## Problem
The line with "Programming / diagnostic" marks where to begin. Please copy it and each line after it to the end of the records below, exactly.

Input Start Marker

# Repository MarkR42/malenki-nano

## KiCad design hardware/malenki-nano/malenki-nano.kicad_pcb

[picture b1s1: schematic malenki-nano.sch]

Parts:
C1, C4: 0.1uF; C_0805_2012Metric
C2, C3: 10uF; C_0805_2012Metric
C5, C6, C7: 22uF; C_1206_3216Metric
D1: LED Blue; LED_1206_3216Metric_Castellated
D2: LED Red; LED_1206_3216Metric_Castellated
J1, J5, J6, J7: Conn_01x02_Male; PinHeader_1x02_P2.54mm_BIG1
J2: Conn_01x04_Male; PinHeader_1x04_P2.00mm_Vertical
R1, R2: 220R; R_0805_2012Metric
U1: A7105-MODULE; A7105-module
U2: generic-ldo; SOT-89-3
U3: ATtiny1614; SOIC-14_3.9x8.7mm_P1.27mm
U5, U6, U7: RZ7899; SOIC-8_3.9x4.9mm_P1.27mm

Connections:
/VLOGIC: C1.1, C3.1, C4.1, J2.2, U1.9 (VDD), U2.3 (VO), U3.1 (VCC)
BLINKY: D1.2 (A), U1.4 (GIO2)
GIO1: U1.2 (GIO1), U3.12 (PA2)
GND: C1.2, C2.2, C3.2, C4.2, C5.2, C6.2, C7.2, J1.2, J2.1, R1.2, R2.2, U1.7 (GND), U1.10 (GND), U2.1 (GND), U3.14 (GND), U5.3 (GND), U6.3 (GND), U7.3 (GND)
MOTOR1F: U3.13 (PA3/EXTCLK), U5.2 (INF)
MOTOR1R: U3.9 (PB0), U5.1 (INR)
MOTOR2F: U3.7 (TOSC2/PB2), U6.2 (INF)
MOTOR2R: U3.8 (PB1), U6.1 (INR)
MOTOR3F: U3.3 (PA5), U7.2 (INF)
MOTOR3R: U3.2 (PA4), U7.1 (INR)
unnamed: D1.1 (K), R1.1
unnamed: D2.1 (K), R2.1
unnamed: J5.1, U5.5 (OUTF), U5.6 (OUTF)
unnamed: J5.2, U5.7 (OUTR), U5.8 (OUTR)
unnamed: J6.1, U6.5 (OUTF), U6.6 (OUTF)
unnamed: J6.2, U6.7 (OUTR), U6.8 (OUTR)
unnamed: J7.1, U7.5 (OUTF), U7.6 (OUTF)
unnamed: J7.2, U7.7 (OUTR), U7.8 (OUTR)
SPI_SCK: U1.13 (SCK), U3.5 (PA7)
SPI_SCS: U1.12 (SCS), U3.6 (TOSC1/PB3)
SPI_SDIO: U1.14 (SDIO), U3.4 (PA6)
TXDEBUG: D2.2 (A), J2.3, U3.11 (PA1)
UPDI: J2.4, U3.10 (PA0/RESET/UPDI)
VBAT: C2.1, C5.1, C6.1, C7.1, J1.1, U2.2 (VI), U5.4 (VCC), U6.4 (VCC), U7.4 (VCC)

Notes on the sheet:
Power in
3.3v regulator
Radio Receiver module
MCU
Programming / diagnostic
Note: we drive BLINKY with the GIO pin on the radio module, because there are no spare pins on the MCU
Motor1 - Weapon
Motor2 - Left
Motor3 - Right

Input End Marker

## Answer below
Programming / diagnostic
Note: we drive BLINKY with the GIO pin on the radio module, because there are no spare pins on the MCU
Motor1 - Weapon
Motor2 - Left
Motor3 - Right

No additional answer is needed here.